Entre mer Adriatique et villages parfumés aux essences méditerranéennes, l’île de Lošinj dévoile des idées d’activités et de sorties pour un week-end, un voyage en couple ou des moments en famille. Generation Voyage vous aide à choisir visites, expériences et découvertes autour de ses criques turquoise et de son atmosphère bien-être unique.
Cette statue grecque en bronze, repêchée en 1999 dans nos eaux par un plongeur belge, est l’une des rares au monde dans cet état de conservation. Le musée qui lui est consacré au cœur de Mali Lošinj retrace son incroyable histoire : 2 000 ans sous la mer, une restauration minutieuse à Florence, et un retour triomphal sur l’île. L’athlète de bronze vous fixe avec une intensité troublante, témoignage vivant du passage des navires grecs dans l’Adriatique, et une visite complémentaire du musée de l’Apoxyomène permet d’approfondir cette découverte.
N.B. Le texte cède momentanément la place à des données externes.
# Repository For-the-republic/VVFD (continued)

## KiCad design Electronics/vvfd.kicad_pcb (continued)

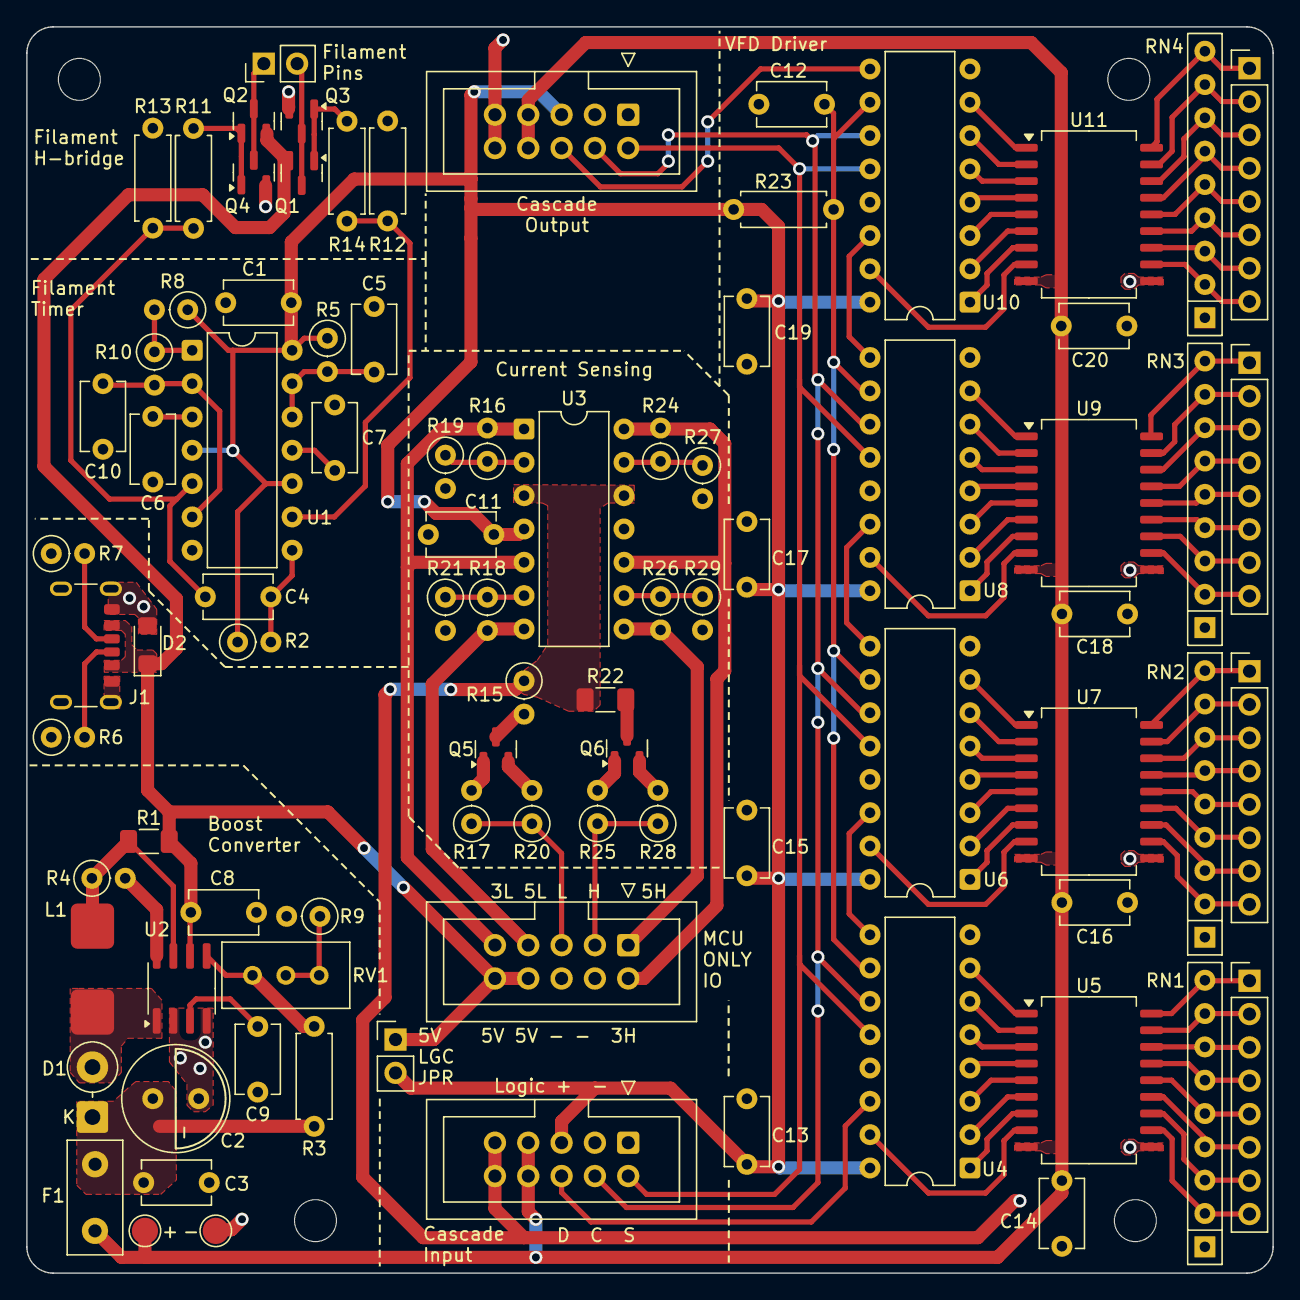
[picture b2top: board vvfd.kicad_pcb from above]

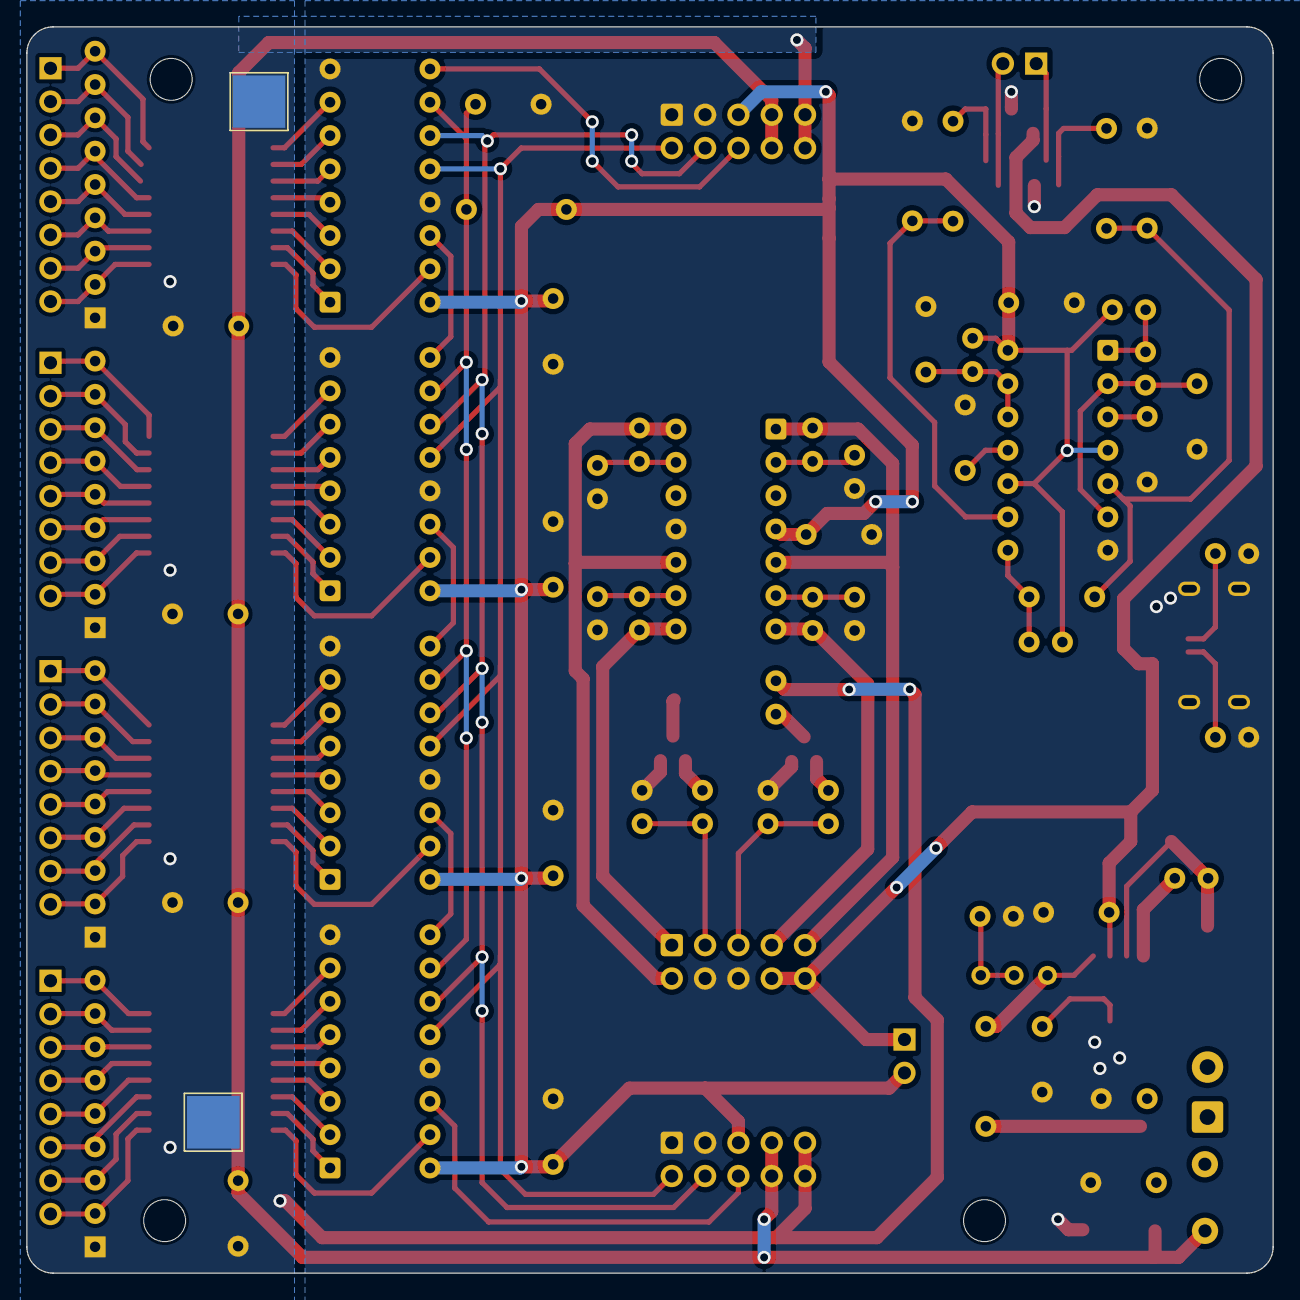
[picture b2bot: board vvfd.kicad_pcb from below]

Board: 2 copper layers, 95.0 x 95.0 mm, 93 parts (2 on the bottom side), 112 nets.

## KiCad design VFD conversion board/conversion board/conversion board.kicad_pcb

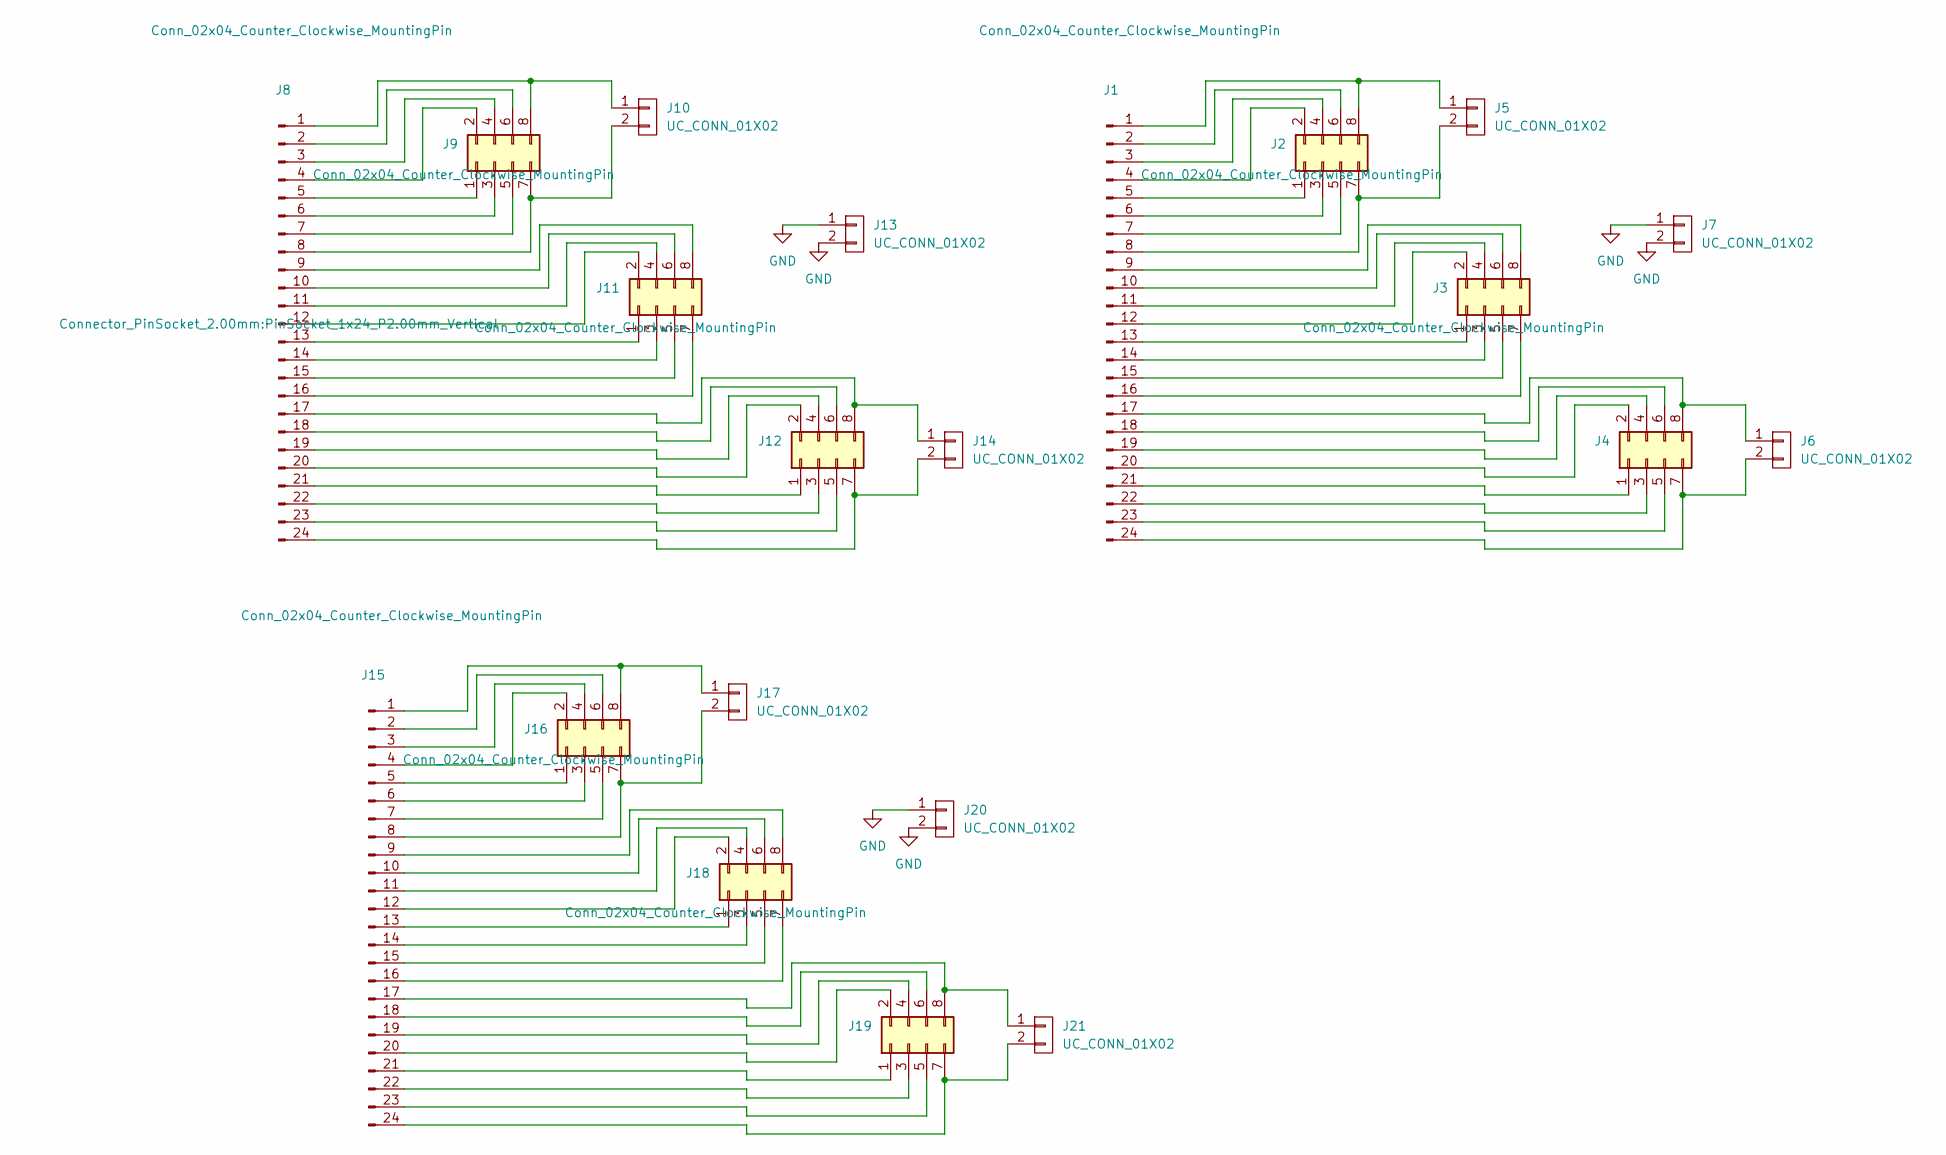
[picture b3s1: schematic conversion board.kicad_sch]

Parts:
J1, J8, J15: Conn_01x24_Pin; PinSocket_1x24_P2.00mm_Vertical
J2, J3, J4, J9, J11, J12, J16, J18, J19: Conn_02x04_Counter_Clockwise_MountingPin; PinHeader_2x04_P2.54mm_Vertical
J5, J6, J7, J10, J13, J14, J17, J20, J21: UC_CONN_01X02; PinHeader_1x02_P2.54mm_Vertical

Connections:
GND: J7.1, J7.2, J13.1, J13.2, J20.1, J20.2
unnamed: J1.1, J2.8, J5.1
unnamed: J1.2, J2.6
unnamed: J1.3, J2.4
unnamed: J1.4, J2.2
unnamed: J1.5, J2.1
unnamed: J1.6, J2.3
unnamed: J1.7, J2.5
unnamed: J1.8, J2.7, J5.2
unnamed: J1.9, J3.8
unnamed: J1.10, J3.6
unnamed: J1.11, J3.4
unnamed: J1.12, J3.2
unnamed: J1.13, J3.1
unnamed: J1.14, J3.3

La scénographie moderne met remarquablement en valeur cette pièce archéologique majeure. Le musée présente également l’histoire maritime de Lošinj, île qui a formé des générations de capitaines au long cours reconnus dans toute la Méditerranée. Une visite matinale (avant l’afflux des groupes vers 11h) vous permettra d’apprécier l’Apoxyomène dans un silence presque religieux.
Čikat reste le poumon vert de Mali Lošinj depuis que l’aristocratie austro-hongroise y aménagea ces pins et cyprès à la fin du XIXe siècle. Les sentiers serpentent entre villas Belle Époque aux façades pastel et criques secrètes où l’eau prend des teintes impossibles. La lumière du matin traverse les aiguilles de pins centenaires et dessine des ombres mouvantes sur les dalles de pierre, moment privilégié où vous croiserez surtout des insulaires en promenade matinale.
Le tronçon entre l’ancien sanatorium (aujourd’hui hôtel Bellevue) et la baie de Sabusa offre les plus beaux points de vue sur l’archipel. Ces pavillons austro-hongrois témoignent de l’époque où Lošinj était prescrite par les médecins viennois pour son microclimat thérapeutique exceptionnel. Les plateformes rocheuses jalonnant le sentier invitent à des pauses baignade mémorables (prévoyez des chaussures à semelles antidérapantes).
La colonie de grands dauphins résidents de Lošinj est la plus étudiée de l’Adriatique, avec plus de 220 individus recensés. Le Blue World Institute, installé dans le petit port de Veli Lošinj, organise des sorties matinales où les biologistes partagent leurs connaissances sur ces mammifères fascinants. Chaque dauphin possède un nom et une histoire : Pula, Frida, Nano… Les chercheurs les reconnaissent à leurs nageoires dorsales comme on reconnaîtrait de vieux amis.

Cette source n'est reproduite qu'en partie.